• _PROBLEM TO SOLVE_
Extract all lines from the data beneath that include the word "contours".

________________

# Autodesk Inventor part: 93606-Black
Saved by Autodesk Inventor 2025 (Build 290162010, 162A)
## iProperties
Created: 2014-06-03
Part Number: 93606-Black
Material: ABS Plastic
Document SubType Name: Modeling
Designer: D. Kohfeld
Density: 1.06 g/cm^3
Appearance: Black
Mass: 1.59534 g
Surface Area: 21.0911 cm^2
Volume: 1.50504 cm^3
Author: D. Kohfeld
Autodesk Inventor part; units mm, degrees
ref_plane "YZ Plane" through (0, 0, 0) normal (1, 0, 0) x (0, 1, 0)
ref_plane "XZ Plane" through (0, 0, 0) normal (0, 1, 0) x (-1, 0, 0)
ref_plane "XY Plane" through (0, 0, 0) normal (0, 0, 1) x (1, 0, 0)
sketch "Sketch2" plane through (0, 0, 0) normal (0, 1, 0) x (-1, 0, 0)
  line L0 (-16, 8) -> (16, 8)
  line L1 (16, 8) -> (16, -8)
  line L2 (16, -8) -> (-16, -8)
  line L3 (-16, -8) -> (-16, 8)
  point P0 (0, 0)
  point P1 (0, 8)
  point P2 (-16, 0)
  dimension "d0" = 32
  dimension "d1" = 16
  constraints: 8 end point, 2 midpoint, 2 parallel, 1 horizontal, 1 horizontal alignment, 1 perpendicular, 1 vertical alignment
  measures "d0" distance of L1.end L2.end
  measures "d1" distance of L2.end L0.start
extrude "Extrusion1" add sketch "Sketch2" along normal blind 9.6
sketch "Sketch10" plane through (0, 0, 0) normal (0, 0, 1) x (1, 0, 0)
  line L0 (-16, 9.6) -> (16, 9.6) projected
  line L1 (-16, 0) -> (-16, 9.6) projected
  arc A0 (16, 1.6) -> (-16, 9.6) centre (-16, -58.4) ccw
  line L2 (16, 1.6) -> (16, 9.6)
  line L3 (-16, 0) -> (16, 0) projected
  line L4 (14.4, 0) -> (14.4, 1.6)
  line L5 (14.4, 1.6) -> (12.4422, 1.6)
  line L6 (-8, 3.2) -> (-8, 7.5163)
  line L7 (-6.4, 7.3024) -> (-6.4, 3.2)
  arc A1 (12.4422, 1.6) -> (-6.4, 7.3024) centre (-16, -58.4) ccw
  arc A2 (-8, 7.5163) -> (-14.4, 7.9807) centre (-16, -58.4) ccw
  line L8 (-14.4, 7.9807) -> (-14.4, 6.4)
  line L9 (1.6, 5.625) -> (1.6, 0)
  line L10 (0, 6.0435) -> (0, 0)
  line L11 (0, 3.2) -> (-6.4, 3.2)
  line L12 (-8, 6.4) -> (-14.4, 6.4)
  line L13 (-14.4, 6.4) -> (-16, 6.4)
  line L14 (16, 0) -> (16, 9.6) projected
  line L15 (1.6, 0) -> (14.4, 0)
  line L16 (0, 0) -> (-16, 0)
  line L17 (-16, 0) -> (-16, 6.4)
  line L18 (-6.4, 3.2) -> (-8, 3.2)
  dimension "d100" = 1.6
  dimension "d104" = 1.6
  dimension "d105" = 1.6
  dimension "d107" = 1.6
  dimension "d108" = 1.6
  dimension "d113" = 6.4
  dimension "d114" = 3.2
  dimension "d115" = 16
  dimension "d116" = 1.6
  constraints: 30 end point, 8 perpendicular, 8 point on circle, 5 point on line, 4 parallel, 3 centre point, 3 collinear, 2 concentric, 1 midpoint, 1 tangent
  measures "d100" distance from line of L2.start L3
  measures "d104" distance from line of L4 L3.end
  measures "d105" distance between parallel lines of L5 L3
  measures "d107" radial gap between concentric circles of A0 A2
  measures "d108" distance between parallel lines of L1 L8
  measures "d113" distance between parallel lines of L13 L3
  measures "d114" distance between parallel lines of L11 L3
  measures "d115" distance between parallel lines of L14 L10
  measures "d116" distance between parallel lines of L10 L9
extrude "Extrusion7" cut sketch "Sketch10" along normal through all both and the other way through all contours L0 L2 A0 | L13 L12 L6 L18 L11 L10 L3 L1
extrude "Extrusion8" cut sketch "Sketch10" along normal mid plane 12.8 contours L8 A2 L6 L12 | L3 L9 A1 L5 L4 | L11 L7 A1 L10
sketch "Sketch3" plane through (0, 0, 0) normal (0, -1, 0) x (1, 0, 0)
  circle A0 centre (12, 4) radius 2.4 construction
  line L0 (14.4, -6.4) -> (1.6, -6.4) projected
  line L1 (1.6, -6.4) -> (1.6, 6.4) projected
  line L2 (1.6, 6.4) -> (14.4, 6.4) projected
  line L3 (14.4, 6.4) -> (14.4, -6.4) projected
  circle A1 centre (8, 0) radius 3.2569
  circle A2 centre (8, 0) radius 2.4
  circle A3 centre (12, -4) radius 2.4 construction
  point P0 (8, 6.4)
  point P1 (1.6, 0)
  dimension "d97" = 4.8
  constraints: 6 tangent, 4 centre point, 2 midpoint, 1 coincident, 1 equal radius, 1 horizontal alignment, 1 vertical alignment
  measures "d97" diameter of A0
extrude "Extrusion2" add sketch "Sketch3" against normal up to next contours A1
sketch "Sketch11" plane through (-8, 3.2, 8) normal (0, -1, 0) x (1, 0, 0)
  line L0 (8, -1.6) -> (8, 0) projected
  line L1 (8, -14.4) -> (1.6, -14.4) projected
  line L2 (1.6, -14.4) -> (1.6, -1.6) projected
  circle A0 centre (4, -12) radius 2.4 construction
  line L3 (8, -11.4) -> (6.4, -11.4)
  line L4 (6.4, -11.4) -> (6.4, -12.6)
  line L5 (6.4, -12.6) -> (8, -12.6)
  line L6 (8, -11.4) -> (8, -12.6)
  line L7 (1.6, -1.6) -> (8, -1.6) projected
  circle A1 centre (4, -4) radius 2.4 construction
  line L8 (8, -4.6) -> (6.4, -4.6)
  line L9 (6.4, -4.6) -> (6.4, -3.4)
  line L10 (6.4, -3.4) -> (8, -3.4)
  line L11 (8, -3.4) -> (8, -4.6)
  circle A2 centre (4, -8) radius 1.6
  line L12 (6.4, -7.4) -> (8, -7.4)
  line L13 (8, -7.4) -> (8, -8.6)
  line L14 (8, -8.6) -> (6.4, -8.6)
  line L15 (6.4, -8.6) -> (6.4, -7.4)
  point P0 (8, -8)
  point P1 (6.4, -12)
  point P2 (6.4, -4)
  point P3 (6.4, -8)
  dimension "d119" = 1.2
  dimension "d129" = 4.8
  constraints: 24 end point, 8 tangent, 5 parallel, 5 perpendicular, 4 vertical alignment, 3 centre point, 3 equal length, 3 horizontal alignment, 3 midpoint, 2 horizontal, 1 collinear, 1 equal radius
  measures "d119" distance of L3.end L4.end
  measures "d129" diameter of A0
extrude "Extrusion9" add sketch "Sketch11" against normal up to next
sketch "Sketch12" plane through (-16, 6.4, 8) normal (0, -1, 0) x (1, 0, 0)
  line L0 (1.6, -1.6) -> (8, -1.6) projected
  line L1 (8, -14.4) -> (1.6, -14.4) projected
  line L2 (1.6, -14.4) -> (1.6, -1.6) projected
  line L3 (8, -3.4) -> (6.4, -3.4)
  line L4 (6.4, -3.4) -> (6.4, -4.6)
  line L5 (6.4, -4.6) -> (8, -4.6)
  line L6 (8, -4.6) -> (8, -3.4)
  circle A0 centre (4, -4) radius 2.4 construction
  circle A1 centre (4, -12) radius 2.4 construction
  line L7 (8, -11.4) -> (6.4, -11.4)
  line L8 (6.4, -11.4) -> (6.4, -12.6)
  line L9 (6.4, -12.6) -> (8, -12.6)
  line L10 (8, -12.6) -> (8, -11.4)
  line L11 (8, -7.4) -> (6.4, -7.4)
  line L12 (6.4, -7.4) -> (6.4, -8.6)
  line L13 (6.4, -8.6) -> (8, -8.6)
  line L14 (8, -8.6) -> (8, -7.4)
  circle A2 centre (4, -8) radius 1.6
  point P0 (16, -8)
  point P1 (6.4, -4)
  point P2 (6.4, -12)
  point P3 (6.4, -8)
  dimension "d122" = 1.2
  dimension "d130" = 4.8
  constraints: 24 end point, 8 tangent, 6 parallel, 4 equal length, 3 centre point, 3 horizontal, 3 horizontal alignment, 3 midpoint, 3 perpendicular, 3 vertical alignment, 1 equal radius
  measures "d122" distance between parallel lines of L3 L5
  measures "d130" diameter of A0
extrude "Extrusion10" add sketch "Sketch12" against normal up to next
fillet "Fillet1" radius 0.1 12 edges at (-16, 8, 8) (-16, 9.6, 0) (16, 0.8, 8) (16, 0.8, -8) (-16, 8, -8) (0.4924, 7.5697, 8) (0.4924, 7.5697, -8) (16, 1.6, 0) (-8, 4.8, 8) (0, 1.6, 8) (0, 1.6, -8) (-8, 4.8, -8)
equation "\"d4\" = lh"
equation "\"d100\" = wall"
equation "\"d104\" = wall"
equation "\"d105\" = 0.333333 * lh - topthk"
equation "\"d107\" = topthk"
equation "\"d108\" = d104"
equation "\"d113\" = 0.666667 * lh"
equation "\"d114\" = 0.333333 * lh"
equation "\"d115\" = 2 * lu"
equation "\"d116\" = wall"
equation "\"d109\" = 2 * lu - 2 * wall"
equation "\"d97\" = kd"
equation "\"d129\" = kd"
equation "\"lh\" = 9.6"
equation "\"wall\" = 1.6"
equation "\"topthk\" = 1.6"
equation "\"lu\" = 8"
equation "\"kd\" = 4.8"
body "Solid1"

________________

• _SOLUTION TO THIS EXERCISE_
extrude "Extrusion7" cut sketch "Sketch10" along normal through all both and the other way through all contours L0 L2 A0 | L13 L12 L6 L18 L11 L10 L3 L1
extrude "Extrusion8" cut sketch "Sketch10" along normal mid plane 12.8 contours L8 A2 L6 L12 | L3 L9 A1 L5 L4 | L11 L7 A1 L10
extrude "Extrusion2" add sketch "Sketch3" against normal up to next contours A1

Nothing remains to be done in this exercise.